The following lines read as:

[1] Observation #1 is a geopolitical entity, Andorra.
[11] Observation #1 has a reference time period of 2020.
[21] Observation #1 has a decimal GDP value of 2354.8
[31] Observation #1 has a unit of million euros, current prices.
[41] Observation #1 has a measurement frequency that is annual.

## See rows 1,11,21
small_country_df_nt[c(1, 11, 21, 31, 41)]
#> [1] "<https://dataset.dataobservatory.eu/examples/dataset.html#obs1> <http://dd.eionet.europa.eu/vocabulary/eurostat/geo/> <https://www.geonames.org/countries/AD/> ."
#> [2] "<https://dataset.dataobservatory.eu/examples/dataset.html#obs1> <http://purl.org/linked-data/sdmx/2009/dimension#refPeriod> \"2020\"^^<xsd:integer> ."           
#> [3] "<https://dataset.dataobservatory.eu/examples/dataset.html#obs1> <http://data.europa.eu/83i/aa/GDP> \"2354.8\"^^<xsd:decimal> ."                                  
#> [4] "<https://dataset.dataobservatory.eu/examples/dataset.html#obs1> <http://example.com/prop/unit> \"CP_MEUR\"^^<xsd:string> ."                                      
#> [5] "<https://dataset.dataobservatory.eu/examples/dataset.html#obs1> <http://purl.org/linked-data/sdmx/2009/code> \"A\"^^<xsd:string> ."

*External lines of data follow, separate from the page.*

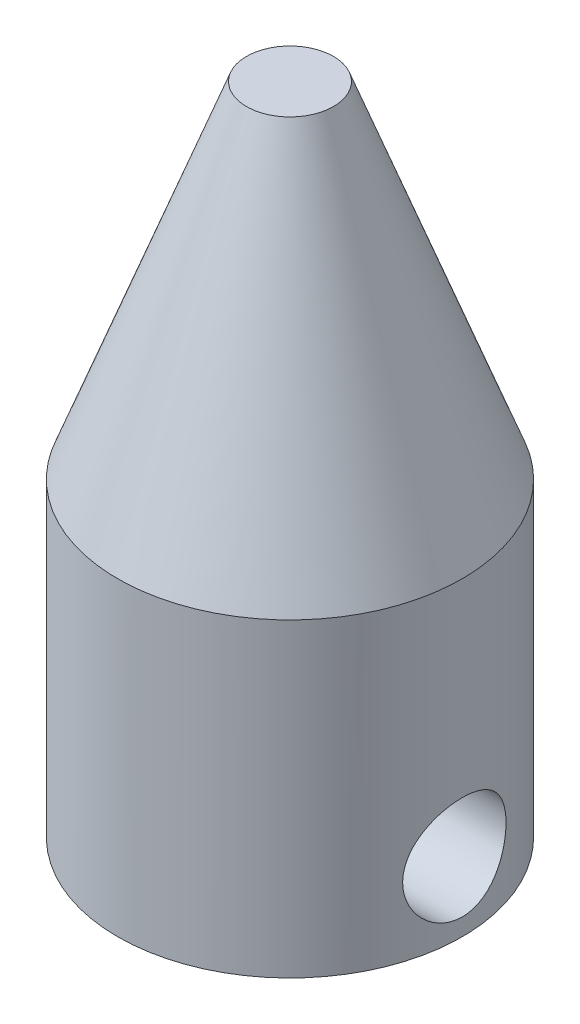
from build123d import *

# Parameters (mm, degrees)
SKETCH1_R             = 5
BODY_DEPTH            = 9
PIN_INSERT_DEPTH      = 12.445523142
PIN_INSERT_DEPTH_BACK = 12.445523142
SKETCH2_R             = 1.5
HEAD_SA_R             = 1.262


with BuildPart() as part:
    # Sketch1 → body (new body)
    with BuildSketch(Plane(origin=(0, 0, 0), x_dir=(1, 0, 0), z_dir=(0, 1, 0))):
        with Locations(Location((0, 0, 0), (0, 0, 270))):
            Circle(SKETCH1_R)
    extrude(amount=BODY_DEPTH)

    # Sketch2 → pin insert (cut, two sides: drawn at the far end of the back side and taken through both)
    with BuildSketch(Plane(origin=(0, 0, 0), x_dir=(0, 0, -1), z_dir=(1, 0, 0)).offset(-PIN_INSERT_DEPTH_BACK)):
        with Locations((0, 2)):
            Circle(SKETCH2_R)
    extrude(amount=PIN_INSERT_DEPTH + PIN_INSERT_DEPTH_BACK, mode=Mode.SUBTRACT)

    # head SA → section 0 of cone
    with BuildSketch(Plane(origin=(0, 19, 0), x_dir=(1, 0, 0), z_dir=(0, 1, 0)), mode=Mode.PRIVATE) as cone_s0:
        Circle(HEAD_SA_R)
    # loft up to a face of the part (cone)
    loft([cone_s0.sketch, part.faces().sort_by_distance((0, 9, 0))[0]])


solid = part.part

he statements about Observation 1, i.e. Andorra’s national economy in 2020, is not serialised consecutively in the text file. This is not necessary, because each cell is precisely connected to the row (first part of the triple) and column (second part of the triple). We could say that the entire map to the original dataset is embedded into the flat text file, therefore it can be easily imported into a database.

Note: The .html# in these example IRIs does not mean the resource is an HTML file.
Any absolute IRI is valid in RDF. This form is used here only for illustration;
in practice, a bare namespace such as /dataset# is more conventional.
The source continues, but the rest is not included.